Natural eutrophication

Eutrophication is a natural process in rather rare cases. In the course of the silting up of a lake, more nutrients can get into the lake. In the past, nutrient input increased due to climatic changes, such as in Scandinavian lakes after the glaciers retreated at the end of the last ice age.

Anthropogenic eutrophication

Today, eutrophication is usually understood to be the man-made (anthropogenic) intake, especially of phosphate. The phosphates get into the waters from sewage and the soil input from agricultural fertilization through precipitation.
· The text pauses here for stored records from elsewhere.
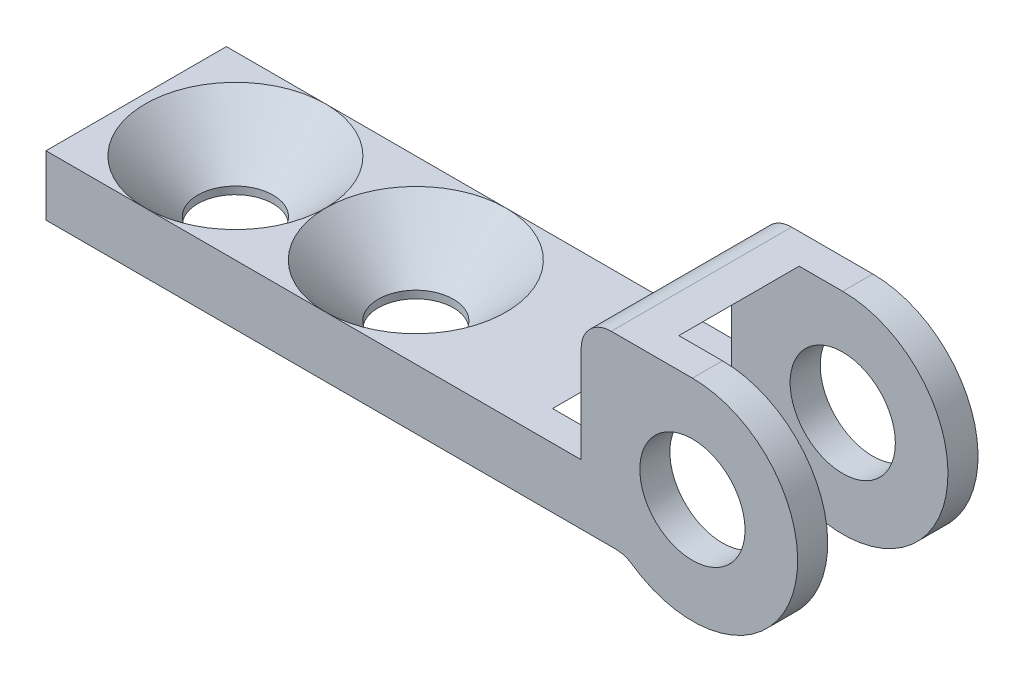
ISO-10303-21;
HEADER;
FILE_DESCRIPTION(('STEP AP214'),'2;1');
FILE_NAME('part.step','',(''),(''),'','','');
FILE_SCHEMA(('AUTOMOTIVE_DESIGN { 1 0 10303 214 1 1 1 1 }'));
ENDSEC;
DATA;
#1=APPLICATION_CONTEXT('core data for automotive mechanical design processes');
#2=APPLICATION_PROTOCOL_DEFINITION('international standard','automotive_design',2000,#1);
#3=PRODUCT_CONTEXT('',#1,'mechanical');
#4=PRODUCT('Part','Part','',(#3));
#5=PRODUCT_RELATED_PRODUCT_CATEGORY('part','',(#4));
#6=PRODUCT_DEFINITION_FORMATION('','',#4);
#7=PRODUCT_DEFINITION_CONTEXT('part definition',#1,'design');
#8=PRODUCT_DEFINITION('design','',#6,#7);
#9=PRODUCT_DEFINITION_SHAPE('','',#8);
#10=(LENGTH_UNIT() NAMED_UNIT(*) SI_UNIT(.MILLI.,.METRE.));
#11=(NAMED_UNIT(*) PLANE_ANGLE_UNIT() SI_UNIT($,.RADIAN.));
#12=(NAMED_UNIT(*) SI_UNIT($,.STERADIAN.) SOLID_ANGLE_UNIT());
#13=UNCERTAINTY_MEASURE_WITH_UNIT(LENGTH_MEASURE(1.E-05),#10,'distance_accuracy_value','');
#14=(GEOMETRIC_REPRESENTATION_CONTEXT(3) GLOBAL_UNCERTAINTY_ASSIGNED_CONTEXT((#13)) GLOBAL_UNIT_ASSIGNED_CONTEXT((#10,
#11,#12)) REPRESENTATION_CONTEXT('',''));
#15=CARTESIAN_POINT('',(0.,0.,0.));
#16=DIRECTION('',(0.,0.,1.));
#17=DIRECTION('',(1.,0.,0.));
#18=AXIS2_PLACEMENT_3D('',#15,#16,#17);
#19=CARTESIAN_POINT('',(0.86993036691125,6.15104880777221,1.5));
#20=DIRECTION('',(0.,0.,1.));
#21=DIRECTION('',(1.,0.,0.));
#22=AXIS2_PLACEMENT_3D('',#19,#20,#21);
#23=CYLINDRICAL_SURFACE('',#22,1.);
#24=CARTESIAN_POINT('',(0.86993036691125,6.15104880777221,-3.));
#25=DIRECTION('',(0.,0.,1.));
#26=DIRECTION('',(1.,0.,0.));
#27=AXIS2_PLACEMENT_3D('',#24,#25,#26);
#28=CIRCLE('',#27,1.);
#29=CARTESIAN_POINT('',(0.86993036691125,7.15104880777221,-3.));
#30=VERTEX_POINT('',#29);
#31=CARTESIAN_POINT('',(-0.13006963308875,6.15104880777221,-3.));
#32=VERTEX_POINT('',#31);
#33=EDGE_CURVE('E161',#30,#32,#28,.T.);
#34=ORIENTED_EDGE('',*,*,#33,.T.);
#35=DIRECTION('',(0.,0.,-1.));
#36=VECTOR('',#35,1.);
#37=CARTESIAN_POINT('',(-0.13006963308875,6.15104880777221,3.));
#38=LINE('',#37,#36);
#39=CARTESIAN_POINT('',(-0.13006963308875,6.15104880777221,3.));
#40=VERTEX_POINT('',#39);
#41=EDGE_CURVE('E159',#32,#40,#38,.F.);
#42=ORIENTED_EDGE('',*,*,#41,.T.);
#43=CARTESIAN_POINT('',(0.86993036691125,6.15104880777221,3.));
#44=DIRECTION('',(0.,0.,1.));
#45=DIRECTION('',(1.,0.,0.));
#46=AXIS2_PLACEMENT_3D('',#43,#44,#45);
#47=CIRCLE('',#46,1.);
#48=CARTESIAN_POINT('',(0.86993036691125,7.15104880777221,3.));
#49=VERTEX_POINT('',#48);
#50=EDGE_CURVE('E20',#40,#49,#47,.F.);
#51=ORIENTED_EDGE('',*,*,#50,.T.);
#52=DIRECTION('',(0.,0.,1.));
#53=VECTOR('',#52,1.);
#54=CARTESIAN_POINT('',(0.86993036691125,7.15104880777221,0.));
#55=LINE('',#54,#53);
#56=EDGE_CURVE('E156',#30,#49,#55,.T.);
#57=ORIENTED_EDGE('',*,*,#56,.F.);
#58=EDGE_LOOP('',(#34,#42,#51,#57));
#59=FACE_BOUND('',#58,.T.);
#60=ADVANCED_FACE('F17',(#59),#23,.T.);
#61=CARTESIAN_POINT('',(-4.49303683807458,1.55104880777221,-0.7));
#62=DIRECTION('',(0.,1.,0.));
#63=DIRECTION('',(-1.,0.,0.));
#64=AXIS2_PLACEMENT_3D('',#61,#62,#63);
#65=PLANE('',#64);
#66=DIRECTION('',(1.,0.,0.));
#67=VECTOR('',#66,1.);
#68=CARTESIAN_POINT('',(-2.525276673201,1.55104880777221,-0.4));
#69=LINE('',#68,#67);
#70=CARTESIAN_POINT('',(-3.47981710139458,1.55104880777221,-0.4));
#71=VERTEX_POINT('',#70);
#72=CARTESIAN_POINT('',(-6.27981710139458,1.55104880777221,-0.4));
#73=VERTEX_POINT('',#72);
#74=EDGE_CURVE('E218',#71,#73,#69,.F.);
#75=ORIENTED_EDGE('',*,*,#74,.T.);
#76=CARTESIAN_POINT('',(-6.27981710139458,1.55104880777221,-0.7));
#77=DIRECTION('',(0.,1.,0.));
#78=DIRECTION('',(0.,0.,1.));
#79=AXIS2_PLACEMENT_3D('',#76,#77,#78);
#80=CIRCLE('',#79,0.3);
#81=CARTESIAN_POINT('',(-6.27981710139458,1.55104880777221,-1.));
#82=VERTEX_POINT('',#81);
#83=EDGE_CURVE('E231',#73,#82,#80,.F.);
#84=ORIENTED_EDGE('',*,*,#83,.T.);
#85=DIRECTION('',(-1.,0.,0.));
#86=VECTOR('',#85,1.);
#87=CARTESIAN_POINT('',(-6.27981710139458,1.55104880777221,-1.));
#88=LINE('',#87,#86);
#89=CARTESIAN_POINT('',(-3.47981710139458,1.55104880777221,-1.));
#90=VERTEX_POINT('',#89);
#91=EDGE_CURVE('E232',#82,#90,#88,.F.);
#92=ORIENTED_EDGE('',*,*,#91,.T.);
#93=DIRECTION('',(0.,0.,1.));
#94=VECTOR('',#93,1.);
#95=CARTESIAN_POINT('',(-3.47981710139458,1.55104880777221,-0.7));
#96=LINE('',#95,#94);
#97=EDGE_CURVE('E310',#71,#90,#96,.F.);
#98=ORIENTED_EDGE('',*,*,#97,.F.);
#99=EDGE_LOOP('',(#75,#84,#92,#98));
#100=FACE_BOUND('',#99,.T.);
#101=ADVANCED_FACE('F658',(#100),#65,.F.);
#102=CARTESIAN_POINT('',(3.56993036691125,3.65104880777221,-1.));
#103=DIRECTION('',(0.,0.,1.));
#104=DIRECTION('',(1.,0.,0.));
#105=AXIS2_PLACEMENT_3D('',#102,#103,#104);
#106=CYLINDRICAL_SURFACE('',#105,1.75);
#107=CARTESIAN_POINT('',(3.56993036691125,3.65104880777221,3.));
#108=DIRECTION('',(0.,0.,1.));
#109=DIRECTION('',(1.,0.,0.));
#110=AXIS2_PLACEMENT_3D('',#107,#108,#109);
#111=CIRCLE('',#110,1.75);
#112=CARTESIAN_POINT('',(5.31993036691125,3.65104880777221,3.));
#113=VERTEX_POINT('',#112);
#114=EDGE_CURVE('E198',#113,#113,#111,.F.);
#115=ORIENTED_EDGE('',*,*,#114,.F.);
#116=EDGE_LOOP('',(#115));
#117=FACE_BOUND('',#116,.T.);
#118=CARTESIAN_POINT('',(3.56993036691125,3.65104880777221,2.));
#119=DIRECTION('',(0.,0.,1.));
#120=DIRECTION('',(1.,0.,0.));
#121=AXIS2_PLACEMENT_3D('',#118,#119,#120);
#122=CIRCLE('',#121,1.75);
#123=CARTESIAN_POINT('',(5.31993036691125,3.65104880777221,2.));
#124=VERTEX_POINT('',#123);
#125=EDGE_CURVE('E314',#124,#124,#122,.F.);
#126=ORIENTED_EDGE('',*,*,#125,.T.);
#127=EDGE_LOOP('',(#126));
#128=FACE_BOUND('',#127,.T.);
#129=ADVANCED_FACE('F545',(#117,#128),#106,.F.);
#130=CARTESIAN_POINT('',(-10.0300696330888,2.95104880777221,0.));
#131=DIRECTION('',(0.,1.,0.));
#132=DIRECTION('',(-1.,0.,0.));
#133=AXIS2_PLACEMENT_3D('',#130,#131,#132);
#134=PLANE('',#133);
#135=DIRECTION('',(1.,0.,0.));
#136=VECTOR('',#135,1.);
#137=CARTESIAN_POINT('',(1.86274959704036,2.95104880777221,3.));
#138=LINE('',#137,#136);
#139=CARTESIAN_POINT('',(-8.63006963308875,2.95104880775855,3.00000000003736));
#140=VERTEX_POINT('',#139);
#141=CARTESIAN_POINT('',(-14.6300696330888,2.95104880775855,3.00000000002305));
#142=VERTEX_POINT('',#141);
#143=EDGE_CURVE('E300',#140,#142,#138,.F.);
#144=ORIENTED_EDGE('',*,*,#143,.F.);
#145=CARTESIAN_POINT('',(-8.63006963308875,2.95104880774488,0.));
#146=DIRECTION('',(0.,1.,0.));
#147=DIRECTION('',(0.,0.,1.));
#148=AXIS2_PLACEMENT_3D('',#145,#146,#147);
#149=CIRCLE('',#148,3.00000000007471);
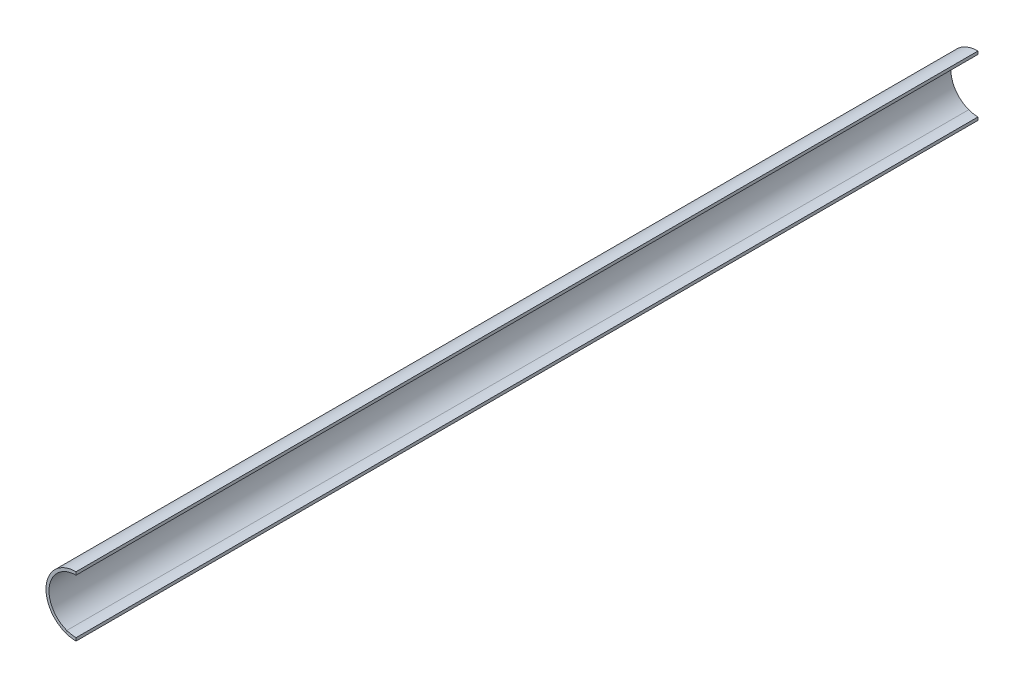
ISO-10303-21;
HEADER;
FILE_DESCRIPTION(('STEP AP214'),'2;1');
FILE_NAME('part.step','',(''),(''),'','','');
FILE_SCHEMA(('AUTOMOTIVE_DESIGN { 1 0 10303 214 1 1 1 1 }'));
ENDSEC;
DATA;
#1=APPLICATION_CONTEXT('core data for automotive mechanical design processes');
#2=APPLICATION_PROTOCOL_DEFINITION('international standard','automotive_design',2000,#1);
#3=PRODUCT_CONTEXT('',#1,'mechanical');
#4=PRODUCT('Part','Part','',(#3));
#5=PRODUCT_RELATED_PRODUCT_CATEGORY('part','',(#4));
#6=PRODUCT_DEFINITION_FORMATION('','',#4);
#7=PRODUCT_DEFINITION_CONTEXT('part definition',#1,'design');
#8=PRODUCT_DEFINITION('design','',#6,#7);
#9=PRODUCT_DEFINITION_SHAPE('','',#8);
#10=(LENGTH_UNIT() NAMED_UNIT(*) SI_UNIT(.MILLI.,.METRE.));
#11=(NAMED_UNIT(*) PLANE_ANGLE_UNIT() SI_UNIT($,.RADIAN.));
#12=(NAMED_UNIT(*) SI_UNIT($,.STERADIAN.) SOLID_ANGLE_UNIT());
#13=UNCERTAINTY_MEASURE_WITH_UNIT(LENGTH_MEASURE(1.E-05),#10,'distance_accuracy_value','');
#14=(GEOMETRIC_REPRESENTATION_CONTEXT(3) GLOBAL_UNCERTAINTY_ASSIGNED_CONTEXT((#13)) GLOBAL_UNIT_ASSIGNED_CONTEXT((#10,
#11,#12)) REPRESENTATION_CONTEXT('',''));
#15=CARTESIAN_POINT('',(0.,0.,0.));
#16=DIRECTION('',(0.,0.,1.));
#17=DIRECTION('',(1.,0.,0.));
#18=AXIS2_PLACEMENT_3D('',#15,#16,#17);
#19=CARTESIAN_POINT('',(0.,0.,300.));
#20=DIRECTION('',(0.,0.,-1.));
#21=DIRECTION('',(-1.,0.,0.));
#22=AXIS2_PLACEMENT_3D('',#19,#20,#21);
#23=CYLINDRICAL_SURFACE('',#22,9.);
#24=CARTESIAN_POINT('',(0.,0.,0.));
#25=DIRECTION('',(0.,0.,-1.));
#26=DIRECTION('',(1.,0.,0.));
#27=AXIS2_PLACEMENT_3D('',#24,#25,#26);
#28=CIRCLE('',#27,9.);
#29=CARTESIAN_POINT('',(0.,-9.,0.));
#30=VERTEX_POINT('',#29);
#31=CARTESIAN_POINT('',(-3.07818128993102,-8.45723358707317,0.));
#32=VERTEX_POINT('',#31);
#33=EDGE_CURVE('E134',#30,#32,#28,.T.);
#34=ORIENTED_EDGE('',*,*,#33,.T.);
#35=DIRECTION('',(0.,0.,1.));
#36=VECTOR('',#35,1.);
#37=CARTESIAN_POINT('',(-3.07818128993102,-8.45723358707317,300.));
#38=LINE('',#37,#36);
#39=CARTESIAN_POINT('',(-3.07818128993102,-8.45723358707317,300.));
#40=VERTEX_POINT('',#39);
#41=EDGE_CURVE('E12',#32,#40,#38,.T.);
#42=ORIENTED_EDGE('',*,*,#41,.T.);
#43=CARTESIAN_POINT('',(0.,0.,300.));
#44=DIRECTION('',(0.,0.,-1.));
#45=DIRECTION('',(1.,0.,0.));
#46=AXIS2_PLACEMENT_3D('',#43,#44,#45);
#47=CIRCLE('',#46,9.);
#48=CARTESIAN_POINT('',(0.,-9.,300.));
#49=VERTEX_POINT('',#48);
#50=EDGE_CURVE('E105',#49,#40,#47,.T.);
#51=ORIENTED_EDGE('',*,*,#50,.F.);
#52=DIRECTION('',(0.,0.,-1.));
#53=VECTOR('',#52,1.);
#54=CARTESIAN_POINT('',(0.,-9.,300.));
#55=LINE('',#54,#53);
#56=EDGE_CURVE('E125',#49,#30,#55,.T.);
#57=ORIENTED_EDGE('',*,*,#56,.T.);
#58=EDGE_LOOP('',(#34,#42,#51,#57));
#59=FACE_BOUND('',#58,.T.);
#60=ADVANCED_FACE('F44',(#59),#23,.F.);
#61=CARTESIAN_POINT('',(0.,0.,300.));
#62=DIRECTION('',(0.,0.,1.));
#63=DIRECTION('',(1.,0.,0.));
#64=AXIS2_PLACEMENT_3D('',#61,#62,#63);
#65=PLANE('',#64);
#66=CARTESIAN_POINT('',(0.,0.,300.));
#67=DIRECTION('',(0.,0.,1.));
#68=DIRECTION('',(1.,0.,0.));
#69=AXIS2_PLACEMENT_3D('',#66,#67,#68);
#70=CIRCLE('',#69,10.);
#71=CARTESIAN_POINT('',(0.,10.,300.));
#72=VERTEX_POINT('',#71);
#73=CARTESIAN_POINT('',(-3.42020143325669,-9.39692620785908,300.));
#74=VERTEX_POINT('',#73);
#75=EDGE_CURVE('E138',#72,#74,#70,.T.);
#76=ORIENTED_EDGE('',*,*,#75,.T.);
#77=DIRECTION('',(0.342020143325669,0.939692620785908,0.));
#78=VECTOR('',#77,1.);
#79=CARTESIAN_POINT('',(0.,0.,300.));
#80=LINE('',#79,#78);
#81=EDGE_CURVE('E52',#74,#40,#80,.T.);
#82=ORIENTED_EDGE('',*,*,#81,.T.);
#83=CARTESIAN_POINT('',(0.,9.,300.));
#84=VERTEX_POINT('',#83);
#85=EDGE_CURVE('E98',#40,#84,#47,.T.);
#86=ORIENTED_EDGE('',*,*,#85,.T.);
#87=DIRECTION('',(0.,1.,0.));
#88=VECTOR('',#87,1.);
#89=CARTESIAN_POINT('',(0.,10.,300.));
#90=LINE('',#89,#88);
#91=EDGE_CURVE('E102',#84,#72,#90,.T.);
#92=ORIENTED_EDGE('',*,*,#91,.T.);
#93=EDGE_LOOP('',(#76,#82,#86,#92));
#94=FACE_BOUND('',#93,.T.);
#95=ADVANCED_FACE('F101',(#94),#65,.T.);
#96=ORIENTED_EDGE('',*,*,#41,.F.);
#97=CARTESIAN_POINT('',(0.,9.,0.));
#98=VERTEX_POINT('',#97);
#99=EDGE_CURVE('E117',#32,#98,#28,.T.);
#100=ORIENTED_EDGE('',*,*,#99,.T.);
#101=DIRECTION('',(0.,0.,-1.));
#102=VECTOR('',#101,1.);
#103=CARTESIAN_POINT('',(0.,9.,300.));
#104=LINE('',#103,#102);
#105=EDGE_CURVE('E111',#84,#98,#104,.T.);
#106=ORIENTED_EDGE('',*,*,#105,.F.);
#107=ORIENTED_EDGE('',*,*,#85,.F.);
#108=EDGE_LOOP('',(#96,#100,#106,#107));
#109=FACE_BOUND('',#108,.T.);
#110=ADVANCED_FACE('F46',(#109),#23,.F.);
#111=CARTESIAN_POINT('',(0.,10.,300.));
#112=DIRECTION('',(-1.,0.,0.));
#113=DIRECTION('',(0.,-1.,0.));
#114=AXIS2_PLACEMENT_3D('',#111,#112,#113);
#115=PLANE('',#114);
#116=DIRECTION('',(0.,1.,0.));
#117=VECTOR('',#116,1.);
#118=CARTESIAN_POINT('',(0.,10.,0.));
#119=LINE('',#118,#117);
#120=CARTESIAN_POINT('',(0.,10.,0.));
#121=VERTEX_POINT('',#120);
#122=EDGE_CURVE('E132',#98,#121,#119,.T.);
#123=ORIENTED_EDGE('',*,*,#122,.T.);
#124=DIRECTION('',(0.,0.,-1.));
#125=VECTOR('',#124,1.);
#126=CARTESIAN_POINT('',(0.,10.,300.));
#127=LINE('',#126,#125);
#128=EDGE_CURVE('E113',#72,#121,#127,.T.);
#129=ORIENTED_EDGE('',*,*,#128,.F.);
#130=ORIENTED_EDGE('',*,*,#91,.F.);
#131=ORIENTED_EDGE('',*,*,#105,.T.);
#132=EDGE_LOOP('',(#123,#129,#130,#131));
#133=FACE_BOUND('',#132,.T.);
#134=ADVANCED_FACE('F110',(#133),#115,.F.);
#135=CARTESIAN_POINT('',(0.,0.,300.));
#136=DIRECTION('',(0.,0.,-1.));
#137=DIRECTION('',(-1.,0.,0.));
#138=AXIS2_PLACEMENT_3D('',#135,#136,#137);
#139=CYLINDRICAL_SURFACE('',#138,10.);
#140=CARTESIAN_POINT('',(0.,0.,0.));
#141=DIRECTION('',(0.,0.,1.));
#142=DIRECTION('',(1.,0.,0.));
#143=AXIS2_PLACEMENT_3D('',#140,#141,#142);
#144=CIRCLE('',#143,10.);
#145=CARTESIAN_POINT('',(0.,-10.,0.));
#146=VERTEX_POINT('',#145);
#147=EDGE_CURVE('E130',#121,#146,#144,.T.);
#148=ORIENTED_EDGE('',*,*,#147,.T.);
#149=DIRECTION('',(0.,0.,-1.));
#150=VECTOR('',#149,1.);
#151=CARTESIAN_POINT('',(0.,-10.,300.));
#152=LINE('',#151,#150);
#153=CARTESIAN_POINT('',(0.,-10.,300.));
#154=VERTEX_POINT('',#153);
#155=EDGE_CURVE('E120',#154,#146,#152,.T.);
#156=ORIENTED_EDGE('',*,*,#155,.F.);
#157=EDGE_CURVE('E115',#74,#154,#70,.T.);
#158=ORIENTED_EDGE('',*,*,#157,.F.);
#159=ORIENTED_EDGE('',*,*,#75,.F.);
#160=ORIENTED_EDGE('',*,*,#128,.T.);
#161=EDGE_LOOP('',(#148,#156,#158,#159,#160));
#162=FACE_BOUND('',#161,.T.);
#163=ADVANCED_FACE('F150',(#162),#139,.T.);
#164=CARTESIAN_POINT('',(0.,-9.,300.));
#165=DIRECTION('',(-1.,0.,0.));
#166=DIRECTION('',(0.,-1.,0.));
#167=AXIS2_PLACEMENT_3D('',#164,#165,#166);
#168=PLANE('',#167);
#169=DIRECTION('',(0.,1.,0.));
#170=VECTOR('',#169,1.);
#171=CARTESIAN_POINT('',(0.,-9.,0.));
#172=LINE('',#171,#170);
#173=EDGE_CURVE('E106',#146,#30,#172,.T.);
#174=ORIENTED_EDGE('',*,*,#173,.T.);
#175=ORIENTED_EDGE('',*,*,#56,.F.);
#176=DIRECTION('',(0.,1.,0.));
#177=VECTOR('',#176,1.);
#178=CARTESIAN_POINT('',(0.,-9.,300.));
#179=LINE('',#178,#177);
#180=EDGE_CURVE('E128',#154,#49,#179,.T.);
#181=ORIENTED_EDGE('',*,*,#180,.F.);
#182=ORIENTED_EDGE('',*,*,#155,.T.);
#183=EDGE_LOOP('',(#174,#175,#181,#182));
#184=FACE_BOUND('',#183,.T.);
#185=ADVANCED_FACE('F153',(#184),#168,.F.);
#186=ORIENTED_EDGE('',*,*,#81,.F.);
#187=ORIENTED_EDGE('',*,*,#157,.T.);
#188=ORIENTED_EDGE('',*,*,#180,.T.);
#189=ORIENTED_EDGE('',*,*,#50,.T.);
#190=EDGE_LOOP('',(#186,#187,#188,#189));
#191=FACE_BOUND('',#190,.T.);
#192=ADVANCED_FACE('F140',(#191),#65,.T.);
#193=CARTESIAN_POINT('',(0.,0.,0.));
#194=DIRECTION('',(0.,0.,1.));
#195=DIRECTION('',(1.,0.,0.));
#196=AXIS2_PLACEMENT_3D('',#193,#194,#195);
#197=PLANE('',#196);
#198=ORIENTED_EDGE('',*,*,#33,.F.);
#199=ORIENTED_EDGE('',*,*,#173,.F.);
#200=ORIENTED_EDGE('',*,*,#147,.F.);
#201=ORIENTED_EDGE('',*,*,#122,.F.);
#202=ORIENTED_EDGE('',*,*,#99,.F.);
#203=EDGE_LOOP('',(#198,#199,#200,#201,#202));
#204=FACE_BOUND('',#203,.T.);
#205=ADVANCED_FACE('F147',(#204),#197,.F.);
#206=CLOSED_SHELL('',(#60,#95,#110,#134,#163,#185,#192,#205));
#207=MANIFOLD_SOLID_BREP('B2',#206);
#208=ADVANCED_BREP_SHAPE_REPRESENTATION('',(#18,#207),#14);
#209=SHAPE_DEFINITION_REPRESENTATION(#9,#208);
ENDSEC;
END-ISO-10303-21;

The increased phosphate input primarily leads to increased plant production. The effect is greater in lakes than in rivers, since in the latter the nutrients are flushed out much more quickly. Following the plant biomass, the biomass of consumers and destructors also increases . This also increases the amount of organic material that sinks to the ground ( sediments ). In this area ( Profundal ), the microbial degradation of the organic substance increases the oxygen consumption ( oxygen consumption ). If the oxygen concentration in the water drops below 1 mg / l, further phosphate is released from the sediment (phosphate mobilization). This leads to a self-reinforcement of the eutrophication. At the water's edge ( littoral ), eutrophication also causes a change in the plant communities growing here.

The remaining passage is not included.